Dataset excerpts
^^^^^^^^^^^^^^^^

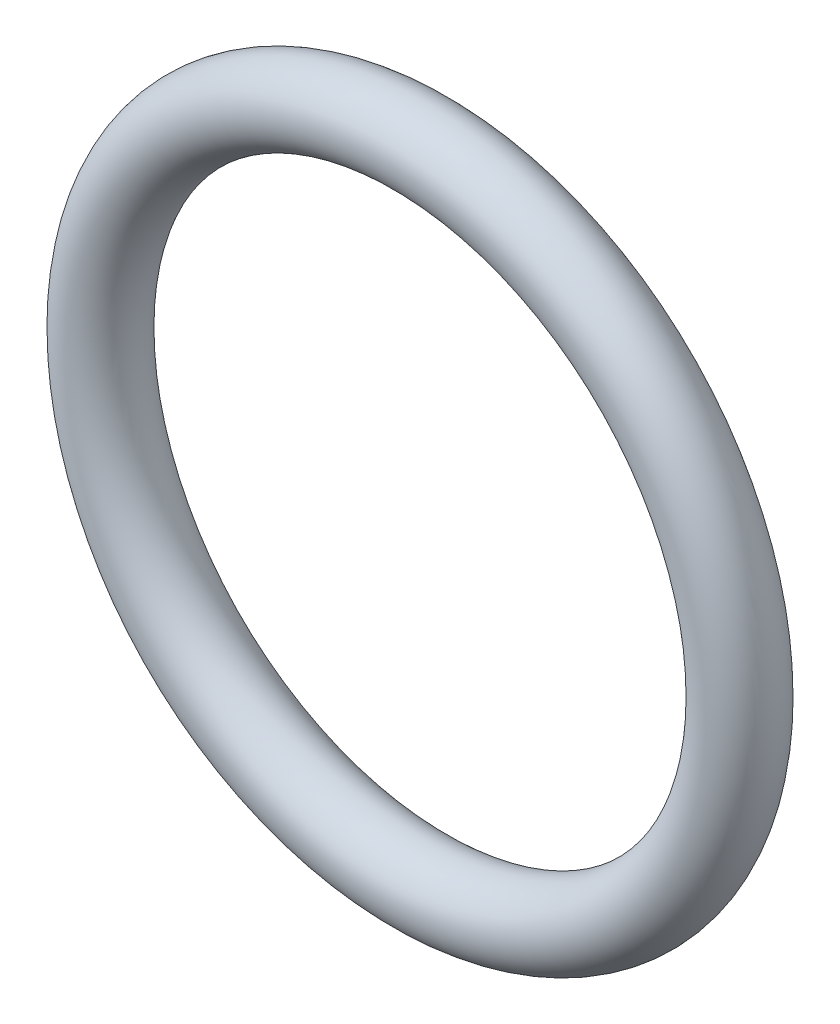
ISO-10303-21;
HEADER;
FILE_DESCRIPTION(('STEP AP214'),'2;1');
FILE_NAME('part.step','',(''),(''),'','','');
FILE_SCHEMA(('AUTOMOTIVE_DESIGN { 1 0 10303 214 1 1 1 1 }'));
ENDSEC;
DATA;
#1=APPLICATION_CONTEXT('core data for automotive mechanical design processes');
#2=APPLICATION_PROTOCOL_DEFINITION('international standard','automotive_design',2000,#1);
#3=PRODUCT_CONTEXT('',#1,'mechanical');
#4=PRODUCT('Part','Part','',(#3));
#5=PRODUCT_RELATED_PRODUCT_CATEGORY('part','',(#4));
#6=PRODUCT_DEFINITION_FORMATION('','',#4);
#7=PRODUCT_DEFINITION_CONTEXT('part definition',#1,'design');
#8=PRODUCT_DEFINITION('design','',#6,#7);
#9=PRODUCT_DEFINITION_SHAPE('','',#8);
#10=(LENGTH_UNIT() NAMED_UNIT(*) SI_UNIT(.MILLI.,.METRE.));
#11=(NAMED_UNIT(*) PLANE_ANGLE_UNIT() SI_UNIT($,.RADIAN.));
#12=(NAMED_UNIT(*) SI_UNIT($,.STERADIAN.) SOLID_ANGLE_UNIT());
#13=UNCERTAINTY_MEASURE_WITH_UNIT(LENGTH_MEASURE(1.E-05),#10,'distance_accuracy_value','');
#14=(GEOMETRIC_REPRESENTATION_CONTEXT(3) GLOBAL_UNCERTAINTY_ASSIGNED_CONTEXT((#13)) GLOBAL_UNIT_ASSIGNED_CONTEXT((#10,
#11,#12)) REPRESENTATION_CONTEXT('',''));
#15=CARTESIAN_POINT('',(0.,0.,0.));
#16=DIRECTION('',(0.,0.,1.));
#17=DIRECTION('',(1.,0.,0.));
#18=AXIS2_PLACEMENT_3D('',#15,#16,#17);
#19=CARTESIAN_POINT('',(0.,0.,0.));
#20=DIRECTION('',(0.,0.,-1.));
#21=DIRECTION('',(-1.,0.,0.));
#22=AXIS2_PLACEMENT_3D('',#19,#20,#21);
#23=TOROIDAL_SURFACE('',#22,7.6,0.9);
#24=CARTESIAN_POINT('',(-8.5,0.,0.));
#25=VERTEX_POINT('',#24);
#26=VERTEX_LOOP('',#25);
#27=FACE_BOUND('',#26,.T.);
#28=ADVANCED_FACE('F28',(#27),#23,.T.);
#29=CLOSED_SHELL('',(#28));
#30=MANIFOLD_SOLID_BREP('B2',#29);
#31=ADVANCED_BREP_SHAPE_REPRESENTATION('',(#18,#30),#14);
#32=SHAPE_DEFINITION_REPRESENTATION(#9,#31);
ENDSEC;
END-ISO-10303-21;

^^^^^^^^^^^^^^^^

:: YOUR OBJECTIVE ::
Return only the part of the records above that opens with the line containing "#1=APPLICATION_CONTEXT('core data for" and closes with the line containing "#11,#12)) REPRESENTATION_CONTEXT('',''));", ends included.

:: TASK OUTPUT ::
#1=APPLICATION_CONTEXT('core data for automotive mechanical design processes');
#2=APPLICATION_PROTOCOL_DEFINITION('international standard','automotive_design',2000,#1);
#3=PRODUCT_CONTEXT('',#1,'mechanical');
#4=PRODUCT('Part','Part','',(#3));
#5=PRODUCT_RELATED_PRODUCT_CATEGORY('part','',(#4));
#6=PRODUCT_DEFINITION_FORMATION('','',#4);
#7=PRODUCT_DEFINITION_CONTEXT('part definition',#1,'design');
#8=PRODUCT_DEFINITION('design','',#6,#7);
#9=PRODUCT_DEFINITION_SHAPE('','',#8);
#10=(LENGTH_UNIT() NAMED_UNIT(*) SI_UNIT(.MILLI.,.METRE.));
#11=(NAMED_UNIT(*) PLANE_ANGLE_UNIT() SI_UNIT($,.RADIAN.));
#12=(NAMED_UNIT(*) SI_UNIT($,.STERADIAN.) SOLID_ANGLE_UNIT());
#13=UNCERTAINTY_MEASURE_WITH_UNIT(LENGTH_MEASURE(1.E-05),#10,'distance_accuracy_value','');
#14=(GEOMETRIC_REPRESENTATION_CONTEXT(3) GLOBAL_UNCERTAINTY_ASSIGNED_CONTEXT((#13)) GLOBAL_UNIT_ASSIGNED_CONTEXT((#10,
#11,#12)) REPRESENTATION_CONTEXT('',''));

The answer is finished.